第084章:出人命了?(1 / 2)

“我刚查了记录,是李斯。主君扶棺回去的时候贬黜的。他应该不知道扶苏公子化名赵启之事,只当是我们学堂派出去的学子。”姒染把抄录来的信息拿给她看。

徐希拧眉接过信息,顿时沉了脸,“袒护亲族欺民?胡亥在任上做了什么?”

“曾康留在任上,武显护送他们回来的,他话少,也没问出,主君下衙后,估计会跟主君说。”姒染也是刚查探的消息。

徐希把手边的政务处理完,快速回了家。

扶苏要进宫请罪,被武显和随侍拦了下来,让他先见了徐希再说。

即便派了曾康和武显给他,徐希还是日常与他通信,知道他在任上的作为,思想转变,甚至看了她注解的所有书。
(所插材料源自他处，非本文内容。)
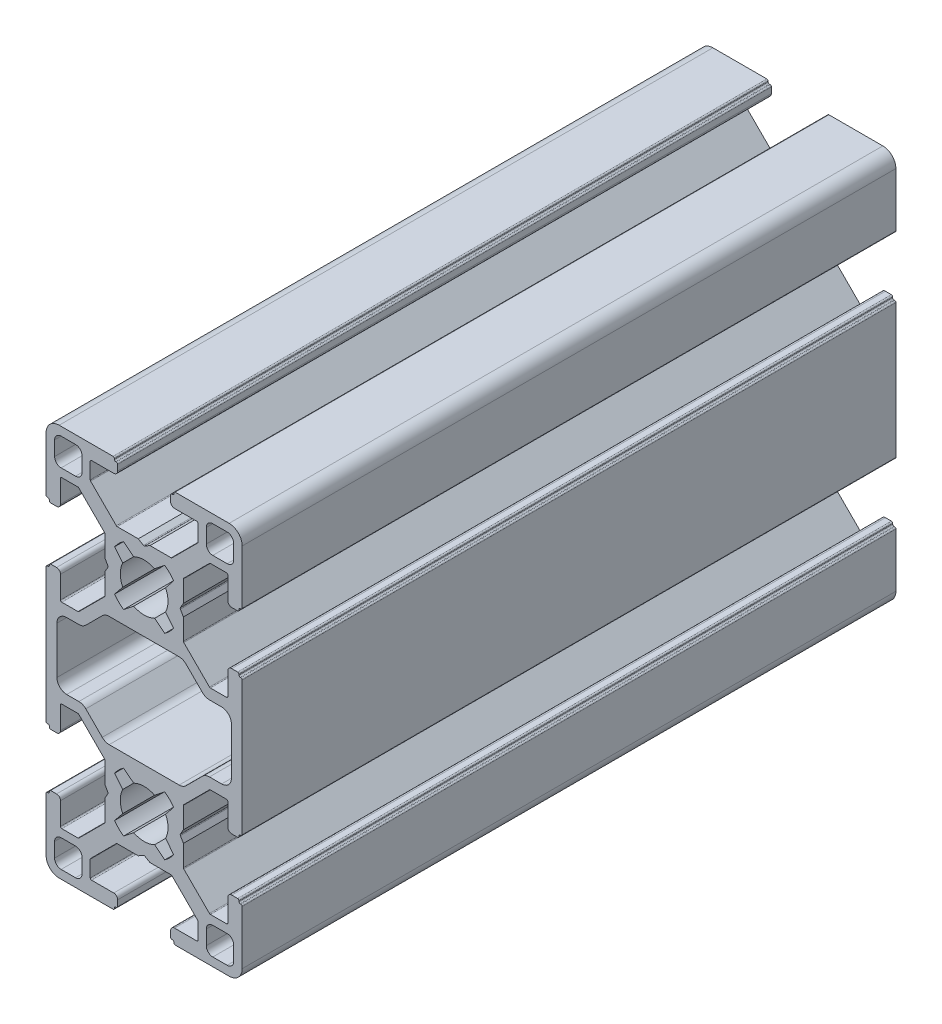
from build123d import *

# Parameters (mm, degrees)
EXTRUDE1_DEPTH = 100


with BuildPart() as part:
    # Sketch1 → Extrude1 (new body)
    with BuildSketch(Plane.XY):
        with BuildLine():
            Line((4.117156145, -21), (0.899999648, -21))
            Line((0.899999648, -21), (0.101934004, -20.53923672))
            ThreePointArc((0.101934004, -20.53923672), (0, -20.511923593), (-0.101934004, -20.53923672))
            Line((-0.101934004, -20.53923672), (-0.899999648, -21))
            Line((-0.899999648, -21), (-4.117156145, -21))
            ThreePointArc((-4.117156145, -21), (-4.193692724, -21.015224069), (-4.258577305, -21.058578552))
            Line((-4.258577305, -21.058578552), (-8.191421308, -24.991421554))
            ThreePointArc((-8.191421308, -24.991421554), (-8.234775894, -25.056306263), (-8.25, -25.132843))
            Line((-8.25, -25.132843), (-8.25, -27.6))
            ThreePointArc((-8.25, -27.6), (-8.191421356, -27.741421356), (-8.05, -27.8))
            Line((-8.05, -27.8), (-4.65, -27.8))
            ThreePointArc((-4.65, -27.8), (-4.225735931, -27.975735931), (-4.05, -28.4))
            Line((-4.05, -28.4), (-4.05, -29.3))
            ThreePointArc((-4.05, -29.3), (-4.108578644, -29.441421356), (-4.25, -29.5))
            Line((-4.25, -29.5), (-4.35, -29.5))
            ThreePointArc((-4.35, -29.5), (-4.491421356, -29.558578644), (-4.55, -29.7))
            Line((-4.55, -29.7), (-4.55, -29.8))
            ThreePointArc((-4.55, -29.8), (-4.608578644, -29.941421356), (-4.75, -30))
            Line((-4.75, -30), (-13, -30))
            ThreePointArc((-13, -30), (-14.414213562, -29.414213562), (-15, -28))
            Line((-15, -28), (-15, -19.750000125))
            ThreePointArc((-15, -19.750000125), (-14.941421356, -19.608578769), (-14.8, -19.550000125))
            Line((-14.8, -19.550000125), (-14.700000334, -19.550000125))
            ThreePointArc((-14.700000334, -19.550000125), (-14.558578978, -19.491421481), (-14.500000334, -19.350000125))
            Line((-14.500000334, -19.350000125), (-14.500000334, -19.25))
            ThreePointArc((-14.500000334, -19.25), (-14.44142169, -19.108578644), (-14.300000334, -19.05))
            Line((-14.300000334, -19.05), (-13.400000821, -19.05))
            ThreePointArc((-13.400000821, -19.05), (-12.975736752, -19.225735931), (-12.800000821, -19.65))
            Line((-12.800000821, -19.65), (-12.800000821, -23.05))
            ThreePointArc((-12.800000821, -23.05), (-12.741422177, -23.191421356), (-12.600000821, -23.25))
            Line((-12.600000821, -23.25), (-10.132842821, -23.25))
            ThreePointArc((-10.132842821, -23.25), (-10.056306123, -23.234775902), (-9.991421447, -23.191421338))
            Line((-9.991421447, -23.191421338), (-6.063045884, -19.263044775))
            ThreePointArc((-6.063045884, -19.263044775), (-6.019691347, -19.198160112), (-6.004467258, -19.121623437))
            Line((-6.004467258, -19.121623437), (-6.004467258, -15.90000009))
            Line((-6.004467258, -15.90000009), (-5.542586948, -15.099999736))
            ThreePointArc((-5.542586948, -15.099999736), (-5.515792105, -15), (-5.542586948, -14.900000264))
            Line((-5.542586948, -14.900000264), (-6.004467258, -14.09999991))
            Line((-6.004467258, -14.09999991), (-6.004467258, -10.878376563))
            ThreePointArc((-6.004467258, -10.878376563), (-6.019691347, -10.801839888), (-6.063045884, -10.736955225))
            Line((-6.063045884, -10.736955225), (-9.991421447, -6.808578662))
            ThreePointArc((-9.991421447, -6.808578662), (-10.056306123, -6.765224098), (-10.132842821, -6.75))
            Line((-10.132842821, -6.75), (-12.600000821, -6.75))
            ThreePointArc((-12.600000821, -6.75), (-12.741422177, -6.808578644), (-12.800000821, -6.95))
            Line((-12.800000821, -6.95), (-12.800000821, -10.35))
            ThreePointArc((-12.800000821, -10.35), (-12.975736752, -10.774264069), (-13.400000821, -10.95))
            Line((-13.400000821, -10.95), (-14.300000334, -10.95))
            ThreePointArc((-14.300000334, -10.95), (-14.44142169, -10.891421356), (-14.500000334, -10.75))
            Line((-14.500000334, -10.75), (-14.500000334, -10.65))
            ThreePointArc((-14.500000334, -10.65), (-14.558578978, -10.508578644), (-14.700000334, -10.45))
            Line((-14.700000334, -10.45), (-14.8, -10.45))
            ThreePointArc((-14.8, -10.45), (-14.941421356, -10.391421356), (-15, -10.25))
            Line((-15, -10.25), (-15, 10.25))
            ThreePointArc((-15, 10.25), (-14.941421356, 10.391421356), (-14.8, 10.45))
            Line((-14.8, 10.45), (-14.700000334, 10.45))
            ThreePointArc((-14.700000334, 10.45), (-14.558578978, 10.508578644), (-14.500000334, 10.65))
            Line((-14.500000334, 10.65), (-14.500000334, 10.75))
            ThreePointArc((-14.500000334, 10.75), (-14.44142169, 10.891421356), (-14.300000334, 10.95))
            Line((-14.300000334, 10.95), (-13.400000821, 10.95))
            ThreePointArc((-13.400000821, 10.95), (-12.975736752, 10.774264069), (-12.800000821, 10.35))
            Line((-12.800000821, 10.35), (-12.800000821, 6.95))
            ThreePointArc((-12.800000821, 6.95), (-12.741422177, 6.808578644), (-12.600000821, 6.75))
            Line((-12.600000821, 6.75), (-10.132842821, 6.75))
            ThreePointArc((-10.132842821, 6.75), (-10.056306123, 6.765224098), (-9.991421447, 6.808578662))
            Line((-9.991421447, 6.808578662), (-6.063045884, 10.736955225))
            ThreePointArc((-6.063045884, 10.736955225), (-6.019691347, 10.801839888), (-6.004467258, 10.878376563))
            Line((-6.004467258, 10.878376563), (-6.004467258, 14.09999991))
            Line((-6.004467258, 14.09999991), (-5.542586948, 14.900000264))
            ThreePointArc((-5.542586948, 14.900000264), (-5.515792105, 15), (-5.542586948, 15.099999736))
            Line((-5.542586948, 15.099999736), (-6.004467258, 15.90000009))
            Line((-6.004467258, 15.90000009), (-6.004467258, 19.121623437))
            ThreePointArc((-6.004467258, 19.121623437), (-6.019691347, 19.198160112), (-6.063045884, 19.263044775))
            Line((-6.063045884, 19.263044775), (-9.991421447, 23.191421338))
            ThreePointArc((-9.991421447, 23.191421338), (-10.056306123, 23.234775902), (-10.132842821, 23.25))
            Line((-10.132842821, 23.25), (-12.600000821, 23.25))
            ThreePointArc((-12.600000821, 23.25), (-12.741422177, 23.191421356), (-12.800000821, 23.05))
            Line((-12.800000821, 23.05), (-12.800000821, 19.65))
            ThreePointArc((-12.800000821, 19.65), (-12.975736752, 19.225735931), (-13.400000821, 19.05))
            Line((-13.400000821, 19.05), (-14.300000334, 19.05))
            ThreePointArc((-14.300000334, 19.05), (-14.44142169, 19.108578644), (-14.500000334, 19.25))
            Line((-14.500000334, 19.25), (-14.500000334, 19.350000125))
            ThreePointArc((-14.500000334, 19.350000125), (-14.558578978, 19.491421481), (-14.700000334, 19.550000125))
            Line((-14.700000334, 19.550000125), (-14.8, 19.550000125))
            ThreePointArc((-14.8, 19.550000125), (-14.941421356, 19.608578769), (-15, 19.750000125))
            Line((-15, 19.750000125), (-15, 28))
            ThreePointArc((-15, 28), (-14.414213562, 29.414213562), (-13, 30))
            Line((-13, 30), (-4.75, 30))
            ThreePointArc((-4.75, 30), (-4.608578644, 29.941421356), (-4.55, 29.8))
            Line((-4.55, 29.8), (-4.55, 29.7))
            ThreePointArc((-4.55, 29.7), (-4.491421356, 29.558578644), (-4.35, 29.5))
            Line((-4.35, 29.5), (-4.25, 29.5))
            ThreePointArc((-4.25, 29.5), (-4.108578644, 29.441421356), (-4.05, 29.3))
            Line((-4.05, 29.3), (-4.05, 28.4))
            ThreePointArc((-4.05, 28.4), (-4.225735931, 27.975735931), (-4.65, 27.8))
            Line((-4.65, 27.8), (-8.05, 27.8))
            ThreePointArc((-8.05, 27.8), (-8.191421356, 27.741421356), (-8.25, 27.6))
            Line((-8.25, 27.6), (-8.25, 25.132843))
            ThreePointArc((-8.25, 25.132843), (-8.234775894, 25.056306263), (-8.191421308, 24.991421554))
            Line((-8.191421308, 24.991421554), (-4.258577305, 21.058578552))
            ThreePointArc((-4.258577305, 21.058578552), (-4.193692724, 21.015224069), (-4.117156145, 21))
            Line((-4.117156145, 21), (-0.899999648, 21))
            Line((-0.899999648, 21), (-0.101934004, 20.53923672))
            ThreePointArc((-0.101934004, 20.53923672), (0, 20.511923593), (0.101934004, 20.53923672))
            Line((0.101934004, 20.53923672), (0.899999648, 21))
            Line((0.899999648, 21), (4.117156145, 21))
            ThreePointArc((4.117156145, 21), (4.193692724, 21.015224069), (4.258577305, 21.058578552))
            Line((4.258577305, 21.058578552), (8.191421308, 24.991421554))
            ThreePointArc((8.191421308, 24.991421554), (8.234775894, 25.056306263), (8.25, 25.132843))
            Line((8.25, 25.132843), (8.25, 27.6))
            ThreePointArc((8.25, 27.6), (8.191421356, 27.741421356), (8.05, 27.8))
            Line((8.05, 27.8), (4.65, 27.8))
            ThreePointArc((4.65, 27.8), (4.225735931, 27.975735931), (4.05, 28.4))
            Line((4.05, 28.4), (4.05, 29.3))
            ThreePointArc((4.05, 29.3), (4.108578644, 29.441421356), (4.25, 29.5))
            Line((4.25, 29.5), (4.35, 29.5))
            ThreePointArc((4.35, 29.5), (4.491421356, 29.558578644), (4.55, 29.7))
            Line((4.55, 29.7), (4.55, 29.8))
            ThreePointArc((4.55, 29.8), (4.608578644, 29.941421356), (4.75, 30))
            Line((4.75, 30), (13, 30))
            ThreePointArc((13, 30), (14.414213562, 29.414213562), (15, 28))
            Line((15, 28), (15, 19.750000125))
            ThreePointArc((15, 19.750000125), (14.941421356, 19.608578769), (14.8, 19.550000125))
            Line((14.8, 19.550000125), (14.700000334, 19.550000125))
            ThreePointArc((14.700000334, 19.550000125), (14.558578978, 19.491421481), (14.500000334, 19.350000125))
            Line((14.500000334, 19.350000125), (14.500000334, 19.25))
            ThreePointArc((14.500000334, 19.25), (14.44142169, 19.108578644), (14.300000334, 19.05))
            Line((14.300000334, 19.05), (13.400000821, 19.05))
            ThreePointArc((13.400000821, 19.05), (12.975736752, 19.225735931), (12.800000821, 19.65))
            Line((12.800000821, 19.65), (12.800000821, 23.05))
            ThreePointArc((12.800000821, 23.05), (12.741422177, 23.191421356), (12.600000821, 23.25))
            Line((12.600000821, 23.25), (10.132842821, 23.25))
            ThreePointArc((10.132842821, 23.25), (10.056306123, 23.234775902), (9.991421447, 23.191421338))
            Line((9.991421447, 23.191421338), (6.063045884, 19.263044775))
            ThreePointArc((6.063045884, 19.263044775), (6.019691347, 19.198160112), (6.004467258, 19.121623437))
            Line((6.004467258, 19.121623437), (6.004467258, 15.90000009))
            Line((6.004467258, 15.90000009), (5.542586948, 15.099999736))
            ThreePointArc((5.542586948, 15.099999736), (5.515792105, 15), (5.542586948, 14.900000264))
            Line((5.542586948, 14.900000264), (6.004467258, 14.09999991))
            Line((6.004467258, 14.09999991), (6.004467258, 10.878376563))
            ThreePointArc((6.004467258, 10.878376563), (6.019691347, 10.801839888), (6.063045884, 10.736955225))
            Line((6.063045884, 10.736955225), (9.991421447, 6.808578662))
            ThreePointArc((9.991421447, 6.808578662), (10.056306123, 6.765224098), (10.132842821, 6.75))
            Line((10.132842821, 6.75), (12.600000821, 6.75))
            ThreePointArc((12.600000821, 6.75), (12.741422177, 6.808578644), (12.800000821, 6.95))
            Line((12.800000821, 6.95), (12.800000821, 10.35))
            ThreePointArc((12.800000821, 10.35), (12.975736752, 10.774264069), (13.400000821, 10.95))
            Line((13.400000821, 10.95), (14.300000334, 10.95))
            ThreePointArc((14.300000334, 10.95), (14.44142169, 10.891421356), (14.500000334, 10.75))
            Line((14.500000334, 10.75), (14.500000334, 10.65))
            ThreePointArc((14.500000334, 10.65), (14.558578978, 10.508578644), (14.700000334, 10.45))
            Line((14.700000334, 10.45), (14.8, 10.45))
            ThreePointArc((14.8, 10.45), (14.941421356, 10.391421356), (15, 10.25))
            Line((15, 10.25), (15, -10.25))
            ThreePointArc((15, -10.25), (14.941421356, -10.391421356), (14.8, -10.45))
            Line((14.8, -10.45), (14.700000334, -10.45))
            ThreePointArc((14.700000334, -10.45), (14.558578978, -10.508578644), (14.500000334, -10.65))
            Line((14.500000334, -10.65), (14.500000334, -10.75))
            ThreePointArc((14.500000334, -10.75), (14.44142169, -10.891421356), (14.300000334, -10.95))
            Line((14.300000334, -10.95), (13.400000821, -10.95))
            ThreePointArc((13.400000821, -10.95), (12.975736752, -10.774264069), (12.800000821, -10.35))
            Line((12.800000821, -10.35), (12.800000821, -6.95))
            ThreePointArc((12.800000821, -6.95), (12.741422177, -6.808578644), (12.600000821, -6.75))
            Line((12.600000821, -6.75), (10.132842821, -6.75))
            ThreePointArc((10.132842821, -6.75), (10.056306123, -6.765224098), (9.991421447, -6.808578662))
            Line((9.991421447, -6.808578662), (6.063045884, -10.736955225))
            ThreePointArc((6.063045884, -10.736955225), (6.019691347, -10.801839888), (6.004467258, -10.878376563))
            Line((6.004467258, -10.878376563), (6.004467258, -14.09999991))
            Line((6.004467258, -14.09999991), (5.542586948, -14.900000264))
            ThreePointArc((5.542586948, -14.900000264), (5.515792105, -15), (5.542586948, -15.099999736))
            Line((5.542586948, -15.099999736), (6.004467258, -15.90000009))
            Line((6.004467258, -15.90000009), (6.004467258, -19.121623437))
            ThreePointArc((6.004467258, -19.121623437), (6.019691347, -19.198160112), (6.063045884, -19.263044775))
            Line((6.063045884, -19.263044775), (9.991421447, -23.191421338))
            ThreePointArc((9.991421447, -23.191421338), (10.056306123, -23.234775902), (10.132842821, -23.25))
            Line((10.132842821, -23.25), (12.600000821, -23.25))
            ThreePointArc((12.600000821, -23.25), (12.741422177, -23.191421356), (12.800000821, -23.05))
            Line((12.800000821, -23.05), (12.800000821, -19.65))
            ThreePointArc((12.800000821, -19.65), (12.975736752, -19.225735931), (13.400000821, -19.05))
            Line((13.400000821, -19.05), (14.300000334, -19.05))
            ThreePointArc((14.300000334, -19.05), (14.44142169, -19.108578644), (14.500000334, -19.25))
            Line((14.500000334, -19.25), (14.500000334, -19.350000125))
            ThreePointArc((14.500000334, -19.350000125), (14.558578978, -19.491421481), (14.700000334, -19.550000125))
            Line((14.700000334, -19.550000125), (14.8, -19.550000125))
            ThreePointArc((14.8, -19.550000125), (14.941421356, -19.608578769), (15, -19.750000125))
            Line((15, -19.750000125), (15, -28))
            ThreePointArc((15, -28), (14.414213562, -29.414213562), (13, -30))
            Line((13, -30), (4.75, -30))
            ThreePointArc((4.75, -30), (4.608578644, -29.941421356), (4.55, -29.8))
            Line((4.55, -29.8), (4.55, -29.7))
            ThreePointArc((4.55, -29.7), (4.491421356, -29.558578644), (4.35, -29.5))
            Line((4.35, -29.5), (4.25, -29.5))
            ThreePointArc((4.25, -29.5), (4.108578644, -29.441421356), (4.05, -29.3))
            Line((4.05, -29.3), (4.05, -28.4))
            ThreePointArc((4.05, -28.4), (4.225735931, -27.975735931), (4.65, -27.8))
            Line((4.65, -27.8), (8.05, -27.8))
            ThreePointArc((8.05, -27.8), (8.191421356, -27.741421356), (8.25, -27.6))
            Line((8.25, -27.6), (8.25, -25.132843))
            ThreePointArc((8.25, -25.132843), (8.234775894, -25.056306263), (8.191421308, -24.991421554))
            Line((8.191421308, -24.991421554), (4.258577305, -21.058578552))
            ThreePointArc((4.258577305, -21.058578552), (4.193692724, -21.015224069), (4.117156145, -21))
        make_face()
        with BuildLine():
            Line((1.600130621, -18.280561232), (3.154670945, -19.505335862))
            ThreePointArc((3.154670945, -19.505335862), (3.897156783, -18.881001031), (4.518401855, -18.135928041))
            Line((4.518401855, -18.135928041), (3.28056155, -16.600129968))
            ThreePointArc((3.28056155, -16.600129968), (3.65, -15), (3.28056155, -13.399870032))
            Line((3.28056155, -13.399870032), (4.518401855, -11.864071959))
            ThreePointArc((4.518401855, -11.864071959), (3.897156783, -11.118998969), (3.154670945, -10.494664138))
            Line((3.154670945, -10.494664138), (1.600130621, -11.719438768))
            ThreePointArc((1.600130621, -11.719438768), (0, -11.35), (-1.600130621, -11.719438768))
            Line((-1.600130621, -11.719438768), (-3.154670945, -10.494664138))
            ThreePointArc((-3.154670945, -10.494664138), (-3.897156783, -11.118998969), (-4.518401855, -11.864071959))
            Line((-4.518401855, -11.864071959), (-3.28056155, -13.399870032))
            ThreePointArc((-3.28056155, -13.399870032), (-3.65, -15), (-3.28056155, -16.600129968))
            Line((-3.28056155, -16.600129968), (-4.518401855, -18.135928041))
            ThreePointArc((-4.518401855, -18.135928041), (-3.897156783, -18.881001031), (-3.154670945, -19.505335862))
            Line((-3.154670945, -19.505335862), (-1.600130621, -18.280561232))
            ThreePointArc((-1.600130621, -18.280561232), (0, -18.65), (1.600130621, -18.280561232))
        make_face(mode=Mode.SUBTRACT)
        with BuildLine():
            Line((10.500000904, -24.500000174), (12.700000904, -24.500000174))
            ThreePointArc((12.700000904, -24.500000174), (13.407107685, -24.792893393), (13.700000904, -25.500000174))
            Line((13.700000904, -25.500000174), (13.700000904, -27.700000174))
            ThreePointArc((13.700000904, -27.700000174), (13.407107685, -28.407106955), (12.700000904, -28.700000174))
            Line((12.700000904, -28.700000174), (10.500000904, -28.700000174))
            ThreePointArc((10.500000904, -28.700000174), (9.792894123, -28.407106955), (9.500000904, -27.700000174))
            Line((9.500000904, -27.700000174), (9.500000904, -25.500000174))
            ThreePointArc((9.500000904, -25.500000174), (9.792894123, -24.792893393), (10.500000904, -24.500000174))
        make_face(mode=Mode.SUBTRACT)
        with BuildLine():
            Line((8.927207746, -5.539339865), (6.410354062, -8.056193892))
            ThreePointArc((6.410354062, -8.056193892), (5.923719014, -8.381353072), (5.349693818, -8.495533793))
            Line((5.349693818, -8.495533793), (-5.349693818, -8.495533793))
            ThreePointArc((-5.349693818, -8.495533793), (-5.923719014, -8.381353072), (-6.410354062, -8.056193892))
            Line((-6.410354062, -8.056193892), (-8.927207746, -5.539339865))
            ThreePointArc((-8.927207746, -5.539339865), (-9.413842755, -5.214180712), (-9.987867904, -5.1))
            Line((-9.987867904, -5.1), (-11.849999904, -5.1))
            ThreePointArc((-11.849999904, -5.1), (-12.910660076, -4.660660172), (-13.349999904, -3.6))
            Line((-13.349999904, -3.6), (-13.349999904, 3.6))
            ThreePointArc((-13.349999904, 3.6), (-12.910660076, 4.660660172), (-11.849999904, 5.1))
            Line((-11.849999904, 5.1), (-9.987867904, 5.1))
            ThreePointArc((-9.987867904, 5.1), (-9.413842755, 5.214180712), (-8.927207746, 5.539339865))
            Line((-8.927207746, 5.539339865), (-6.410354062, 8.056193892))
            ThreePointArc((-6.410354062, 8.056193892), (-5.923719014, 8.381353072), (-5.349693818, 8.495533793))
            Line((-5.349693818, 8.495533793), (5.349693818, 8.495533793))
            ThreePointArc((5.349693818, 8.495533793), (5.923719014, 8.381353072), (6.410354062, 8.056193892))
            Line((6.410354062, 8.056193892), (8.927207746, 5.539339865))
            ThreePointArc((8.927207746, 5.539339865), (9.413842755, 5.214180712), (9.987867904, 5.1))
            Line((9.987867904, 5.1), (11.849999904, 5.1))
            ThreePointArc((11.849999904, 5.1), (12.910660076, 4.660660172), (13.349999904, 3.6))
            Line((13.349999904, 3.6), (13.349999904, -3.6))
            ThreePointArc((13.349999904, -3.6), (12.910660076, -4.660660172), (11.849999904, -5.1))
            Line((11.849999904, -5.1), (9.987867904, -5.1))
            ThreePointArc((9.987867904, -5.1), (9.413842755, -5.214180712), (8.927207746, -5.539339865))
        make_face(mode=Mode.SUBTRACT)
        with BuildLine():
            Line((-1.600130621, 18.280561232), (-3.154670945, 19.505335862))
            ThreePointArc((-3.154670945, 19.505335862), (-3.897156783, 18.881001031), (-4.518401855, 18.135928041))
            Line((-4.518401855, 18.135928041), (-3.28056155, 16.600129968))
            ThreePointArc((-3.28056155, 16.600129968), (-3.65, 15), (-3.28056155, 13.399870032))
            Line((-3.28056155, 13.399870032), (-4.518401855, 11.864071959))
            ThreePointArc((-4.518401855, 11.864071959), (-3.897156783, 11.118998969), (-3.154670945, 10.494664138))
            Line((-3.154670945, 10.494664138), (-1.600130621, 11.719438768))
            ThreePointArc((-1.600130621, 11.719438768), (0, 11.35), (1.600130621, 11.719438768))
            Line((1.600130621, 11.719438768), (3.154670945, 10.494664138))
            ThreePointArc((3.154670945, 10.494664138), (3.897156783, 11.118998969), (4.518401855, 11.864071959))
            Line((4.518401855, 11.864071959), (3.28056155, 13.399870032))
            ThreePointArc((3.28056155, 13.399870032), (3.65, 15), (3.28056155, 16.600129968))
            Line((3.28056155, 16.600129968), (4.518401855, 18.135928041))
            ThreePointArc((4.518401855, 18.135928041), (3.897156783, 18.881001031), (3.154670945, 19.505335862))
            Line((3.154670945, 19.505335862), (1.600130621, 18.280561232))
            ThreePointArc((1.600130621, 18.280561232), (0, 18.65), (-1.600130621, 18.280561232))
        make_face(mode=Mode.SUBTRACT)
        with BuildLine():
            Line((-10.500000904, 24.500000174), (-12.700000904, 24.500000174))
            ThreePointArc((-12.700000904, 24.500000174), (-13.407107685, 24.792893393), (-13.700000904, 25.500000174))
            Line((-13.700000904, 25.500000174), (-13.700000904, 27.700000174))
            ThreePointArc((-13.700000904, 27.700000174), (-13.407107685, 28.407106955), (-12.700000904, 28.700000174))
            Line((-12.700000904, 28.700000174), (-10.500000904, 28.700000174))
            ThreePointArc((-10.500000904, 28.700000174), (-9.792894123, 28.407106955), (-9.500000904, 27.700000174))
            Line((-9.500000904, 27.700000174), (-9.500000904, 25.500000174))
            ThreePointArc((-9.500000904, 25.500000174), (-9.792894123, 24.792893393), (-10.500000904, 24.500000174))
        make_face(mode=Mode.SUBTRACT)
        with BuildLine():
            Line((9.500000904, 27.700000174), (9.500000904, 25.500000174))
            ThreePointArc((9.500000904, 25.500000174), (9.792894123, 24.792893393), (10.500000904, 24.500000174))
            Line((10.500000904, 24.500000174), (12.700000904, 24.500000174))
            ThreePointArc((12.700000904, 24.500000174), (13.407107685, 24.792893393), (13.700000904, 25.500000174))
            Line((13.700000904, 25.500000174), (13.700000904, 27.700000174))
            ThreePointArc((13.700000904, 27.700000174), (13.407107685, 28.407106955), (12.700000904, 28.700000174))
            Line((12.700000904, 28.700000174), (10.500000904, 28.700000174))
            ThreePointArc((10.500000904, 28.700000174), (9.792894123, 28.407106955), (9.500000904, 27.700000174))
        make_face(mode=Mode.SUBTRACT)
        with BuildLine():
            Line((-9.500000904, -27.700000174), (-9.500000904, -25.500000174))
            ThreePointArc((-9.500000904, -25.500000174), (-9.792894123, -24.792893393), (-10.500000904, -24.500000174))
            Line((-10.500000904, -24.500000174), (-12.700000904, -24.500000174))
            ThreePointArc((-12.700000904, -24.500000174), (-13.407107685, -24.792893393), (-13.700000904, -25.500000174))
            Line((-13.700000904, -25.500000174), (-13.700000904, -27.700000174))
            ThreePointArc((-13.700000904, -27.700000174), (-13.407107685, -28.407106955), (-12.700000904, -28.700000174))
            Line((-12.700000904, -28.700000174), (-10.500000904, -28.700000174))
            ThreePointArc((-10.500000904, -28.700000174), (-9.792894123, -28.407106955), (-9.500000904, -27.700000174))
        make_face(mode=Mode.SUBTRACT)
    extrude(amount=EXTRUDE1_DEPTH)


solid = part.part

袒护亲族,丢掉官位,徐希不相信是他现在能做出来的事。

除非胡亥所犯之事不小,涉及到人命了。

看她面无表情的回来,在家中等候的扶苏羞愧的不敢和她对视,拱手见了礼,“扶苏让左相失望了。”

他身旁不远处的胡亥,紧抿着嘴,一脸要杀要剐任凭处置,谅你也不敢的架势。

徐希朝扶苏拱手,“公子辛苦了。”

扶苏更是惭愧,想跟她解释贬黜之事,“皆是我未处理好黔首之间门的矛盾,没有教导好胡亥,才做下此等错事。”

“出人命了?”徐希问。

扶苏不知怎么说,“比出人命......”

见他不好说,徐希看向武显。

武显拱手回禀,“陈家与郑家之前就有仇怨,陈家行商小有家产,相中了郑家三女要结亲,那三女不愿,与刘家子相好,就被陈家儿子给强.暴了。刘家更富,与郑三女退了亲,郑三女一气之下投河了。”

徐希听到这,面色已经阴沉下来。

武显看她神色,解释后续,“此案是前县令长所判,依秦律强.奸者宫刑,间门接致死者罚苦役一年,罚钱三千金。陈家儿子宫刑后受不得苦役病死了。”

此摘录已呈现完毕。